= Antonio Citterio =

Italian architect and designer

Antonio Citterio (born 1950, in Meda, Italy) is an Italian architect, furniture designer and industrial designer who lives and works in Milan. He designed the A2A Tower in Milan.

==Biography==
He received a degree in architecture from Politecnico di Milano in 1972, and subsequently started working as a designer and industrial design consultant. From 1987 to 1996, he worked in association with Terry Dwan, designing buildings in Europe and Japan.

In 2000, with Patricia Viel, he founded "Antonio Citterio Patricia Viel" (ACPV), a cross-disciplinary practice for architecture and interior design. The firm works internationally, developing projects on all scales in collaboration with a network of specialist consultants.

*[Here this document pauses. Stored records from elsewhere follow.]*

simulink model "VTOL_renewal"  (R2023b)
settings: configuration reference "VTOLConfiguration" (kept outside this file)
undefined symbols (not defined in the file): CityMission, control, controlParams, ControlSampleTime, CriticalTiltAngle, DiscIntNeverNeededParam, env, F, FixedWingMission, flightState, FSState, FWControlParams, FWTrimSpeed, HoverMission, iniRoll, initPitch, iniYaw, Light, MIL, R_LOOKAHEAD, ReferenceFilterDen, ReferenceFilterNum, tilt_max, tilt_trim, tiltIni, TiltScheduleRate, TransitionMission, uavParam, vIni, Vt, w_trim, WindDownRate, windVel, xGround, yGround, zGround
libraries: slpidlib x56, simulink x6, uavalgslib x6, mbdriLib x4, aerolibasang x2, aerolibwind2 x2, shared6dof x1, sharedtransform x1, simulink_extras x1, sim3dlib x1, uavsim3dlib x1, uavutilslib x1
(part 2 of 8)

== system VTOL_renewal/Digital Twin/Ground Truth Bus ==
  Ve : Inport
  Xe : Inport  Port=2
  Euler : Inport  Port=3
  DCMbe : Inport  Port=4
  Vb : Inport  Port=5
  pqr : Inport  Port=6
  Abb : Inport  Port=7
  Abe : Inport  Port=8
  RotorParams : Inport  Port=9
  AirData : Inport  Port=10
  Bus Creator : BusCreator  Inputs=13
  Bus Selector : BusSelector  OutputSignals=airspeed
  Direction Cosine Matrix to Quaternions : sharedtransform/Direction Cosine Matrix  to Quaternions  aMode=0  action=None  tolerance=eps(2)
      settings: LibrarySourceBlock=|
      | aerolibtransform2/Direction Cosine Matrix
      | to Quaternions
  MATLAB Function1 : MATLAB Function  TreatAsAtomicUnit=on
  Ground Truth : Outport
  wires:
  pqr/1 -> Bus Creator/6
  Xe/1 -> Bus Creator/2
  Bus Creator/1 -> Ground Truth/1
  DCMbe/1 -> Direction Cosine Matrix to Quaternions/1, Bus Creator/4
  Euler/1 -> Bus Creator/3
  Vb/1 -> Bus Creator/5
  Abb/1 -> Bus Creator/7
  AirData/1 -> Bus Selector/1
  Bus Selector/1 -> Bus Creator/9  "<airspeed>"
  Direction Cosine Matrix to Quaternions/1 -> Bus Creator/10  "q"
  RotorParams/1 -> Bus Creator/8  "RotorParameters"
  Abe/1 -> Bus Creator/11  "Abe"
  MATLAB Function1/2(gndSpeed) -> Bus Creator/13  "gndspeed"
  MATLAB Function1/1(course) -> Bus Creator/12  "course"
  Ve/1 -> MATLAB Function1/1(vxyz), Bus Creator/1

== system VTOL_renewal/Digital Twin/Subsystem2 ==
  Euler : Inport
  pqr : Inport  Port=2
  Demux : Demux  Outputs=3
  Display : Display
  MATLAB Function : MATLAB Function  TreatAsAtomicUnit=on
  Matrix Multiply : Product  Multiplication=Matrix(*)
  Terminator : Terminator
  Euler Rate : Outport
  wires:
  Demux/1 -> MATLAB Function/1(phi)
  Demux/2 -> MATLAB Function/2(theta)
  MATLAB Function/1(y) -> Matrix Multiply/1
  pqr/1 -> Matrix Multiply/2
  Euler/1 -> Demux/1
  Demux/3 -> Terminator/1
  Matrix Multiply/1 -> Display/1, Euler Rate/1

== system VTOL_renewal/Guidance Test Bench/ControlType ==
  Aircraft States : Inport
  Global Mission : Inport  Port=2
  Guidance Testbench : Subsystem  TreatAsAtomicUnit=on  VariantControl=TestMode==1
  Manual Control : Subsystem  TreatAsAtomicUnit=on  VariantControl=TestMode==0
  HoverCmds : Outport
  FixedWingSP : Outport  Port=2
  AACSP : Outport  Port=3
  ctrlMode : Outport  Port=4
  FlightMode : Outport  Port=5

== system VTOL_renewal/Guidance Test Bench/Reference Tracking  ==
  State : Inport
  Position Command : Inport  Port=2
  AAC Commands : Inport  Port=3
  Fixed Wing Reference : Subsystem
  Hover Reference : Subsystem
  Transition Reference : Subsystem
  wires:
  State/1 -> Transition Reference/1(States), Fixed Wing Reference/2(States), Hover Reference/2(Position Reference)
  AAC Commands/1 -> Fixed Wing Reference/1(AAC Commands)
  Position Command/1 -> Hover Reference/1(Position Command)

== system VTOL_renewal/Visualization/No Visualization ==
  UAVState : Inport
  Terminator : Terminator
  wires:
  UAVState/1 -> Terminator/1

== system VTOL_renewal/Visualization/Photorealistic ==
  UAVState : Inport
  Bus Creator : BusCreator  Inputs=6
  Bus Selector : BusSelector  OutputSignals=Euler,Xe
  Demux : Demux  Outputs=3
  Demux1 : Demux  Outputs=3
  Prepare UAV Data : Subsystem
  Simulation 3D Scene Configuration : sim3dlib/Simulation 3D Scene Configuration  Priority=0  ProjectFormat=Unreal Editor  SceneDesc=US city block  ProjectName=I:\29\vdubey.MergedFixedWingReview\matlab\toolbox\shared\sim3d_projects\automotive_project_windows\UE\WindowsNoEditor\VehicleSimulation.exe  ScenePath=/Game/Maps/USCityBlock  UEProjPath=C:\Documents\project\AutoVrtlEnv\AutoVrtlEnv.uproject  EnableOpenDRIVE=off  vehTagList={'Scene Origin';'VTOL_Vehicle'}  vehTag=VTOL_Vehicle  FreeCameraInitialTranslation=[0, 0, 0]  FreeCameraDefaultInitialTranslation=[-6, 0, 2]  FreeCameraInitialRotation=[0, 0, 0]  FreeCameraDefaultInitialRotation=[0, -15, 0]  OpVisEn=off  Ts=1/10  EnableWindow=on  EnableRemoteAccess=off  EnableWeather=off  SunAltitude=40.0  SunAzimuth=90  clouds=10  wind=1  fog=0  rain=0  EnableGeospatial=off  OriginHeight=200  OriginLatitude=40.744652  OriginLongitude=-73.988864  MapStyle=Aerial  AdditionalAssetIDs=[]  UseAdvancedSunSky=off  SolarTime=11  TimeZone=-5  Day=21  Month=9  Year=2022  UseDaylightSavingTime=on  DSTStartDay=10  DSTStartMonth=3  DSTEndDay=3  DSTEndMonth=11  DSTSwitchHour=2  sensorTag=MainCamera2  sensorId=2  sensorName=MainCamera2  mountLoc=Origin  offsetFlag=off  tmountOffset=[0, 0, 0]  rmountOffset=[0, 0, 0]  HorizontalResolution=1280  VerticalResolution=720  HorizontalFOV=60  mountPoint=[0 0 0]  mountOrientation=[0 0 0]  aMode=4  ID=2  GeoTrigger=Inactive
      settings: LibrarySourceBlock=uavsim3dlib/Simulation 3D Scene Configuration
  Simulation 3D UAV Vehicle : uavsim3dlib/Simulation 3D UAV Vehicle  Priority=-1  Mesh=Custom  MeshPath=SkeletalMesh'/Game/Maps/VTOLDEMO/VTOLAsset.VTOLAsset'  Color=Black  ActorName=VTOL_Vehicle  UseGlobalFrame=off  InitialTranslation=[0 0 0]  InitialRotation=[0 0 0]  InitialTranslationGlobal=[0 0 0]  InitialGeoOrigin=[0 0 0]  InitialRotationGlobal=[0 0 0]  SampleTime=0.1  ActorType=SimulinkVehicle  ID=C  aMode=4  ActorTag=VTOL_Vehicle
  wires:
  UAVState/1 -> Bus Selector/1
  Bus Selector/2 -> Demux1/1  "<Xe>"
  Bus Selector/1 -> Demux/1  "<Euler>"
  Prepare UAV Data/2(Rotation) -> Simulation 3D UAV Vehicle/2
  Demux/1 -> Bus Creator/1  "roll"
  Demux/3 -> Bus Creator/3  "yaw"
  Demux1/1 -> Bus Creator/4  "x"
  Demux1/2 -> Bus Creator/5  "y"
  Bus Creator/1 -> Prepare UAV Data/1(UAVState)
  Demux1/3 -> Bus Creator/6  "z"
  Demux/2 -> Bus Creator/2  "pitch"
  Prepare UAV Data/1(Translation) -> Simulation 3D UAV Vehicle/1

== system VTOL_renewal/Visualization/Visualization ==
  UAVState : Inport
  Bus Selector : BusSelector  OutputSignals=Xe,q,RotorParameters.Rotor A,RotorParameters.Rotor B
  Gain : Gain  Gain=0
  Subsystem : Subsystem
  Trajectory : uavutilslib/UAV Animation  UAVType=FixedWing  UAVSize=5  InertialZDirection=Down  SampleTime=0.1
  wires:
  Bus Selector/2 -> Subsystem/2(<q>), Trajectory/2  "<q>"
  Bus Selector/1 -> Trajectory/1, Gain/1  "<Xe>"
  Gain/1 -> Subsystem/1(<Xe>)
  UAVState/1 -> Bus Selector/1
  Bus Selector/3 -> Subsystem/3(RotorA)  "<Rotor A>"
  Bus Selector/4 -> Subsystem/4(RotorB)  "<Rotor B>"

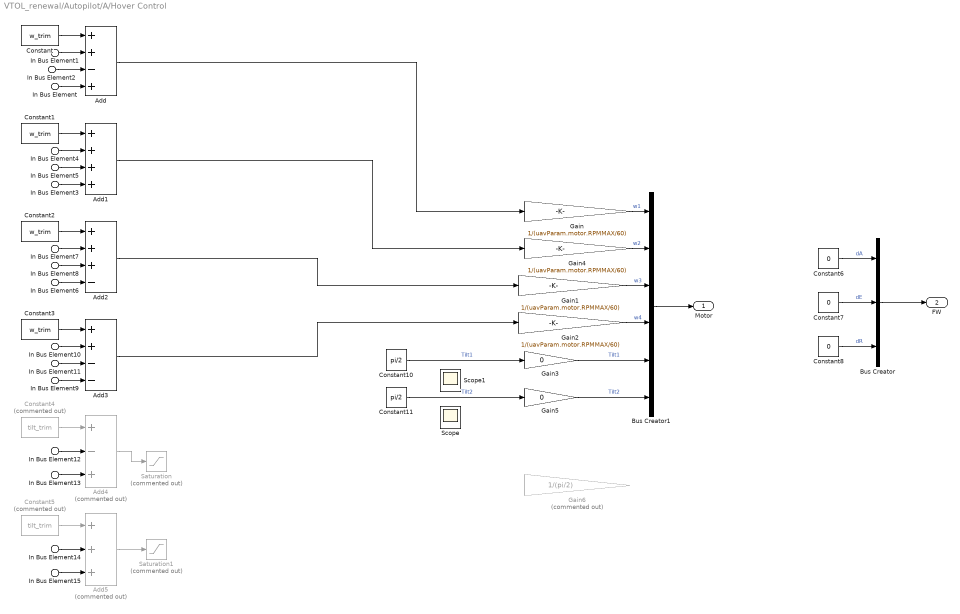
== system VTOL_renewal/Autopilot/A/Hover Control ==
  In Bus Element{,3,6,9} (4 alike) : Inport  PortName=MixerCommands  Element=w_theta
  In Bus Element{1,4,7,10} (4 alike) : Inport  PortName=MixerCommands  Element=w_z
  In Bus Element{2,5,8,11} (4 alike) : Inport  PortName=MixerCommands  Element=w_phi
  In Bus Element12 : Inport  PortName=MixerCommands  Element=l_psi
  In Bus Element14 : Inport  PortName=MixerCommands  Element=l_psi
  In Bus Element13 : Inport  PortName=MixerCommands  Element=l_x
  In Bus Element15 : Inport  PortName=MixerCommands  Element=l_x
  Add : Sum  Inputs=++-+
  Add1 : Sum  Inputs=++++
  Add2 : Sum  Inputs=+++-
  Add3 : Sum  Inputs=++--
  Add4 : Sum  Commented=on  Inputs=+-+
  Add5 : Sum  Commented=on  Inputs=+++
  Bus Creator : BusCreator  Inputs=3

Antonio Citterio currently works in the industrial design sector with companies such as Ansorg, Arclinea, Axor-Hansgrohe, B&B Italia, Flexform, Flos, Hermès, Iittala, Kartell, Maxalto, Sanitec (Geberit Group), Technogym and Vitra.

From 2006 to 2016, he was an Architectural Design professor at the Accademia di Architettura di Mendrisio in Switzerland.

In 1987 and 1994, Citterio was awarded the "Compasso d'Oro" prize.

In 2008, the Royal Society for the Encouragement of Arts, Manufactures & Commerce of London awarded him the title of "Honorary Royal Designer for Industry".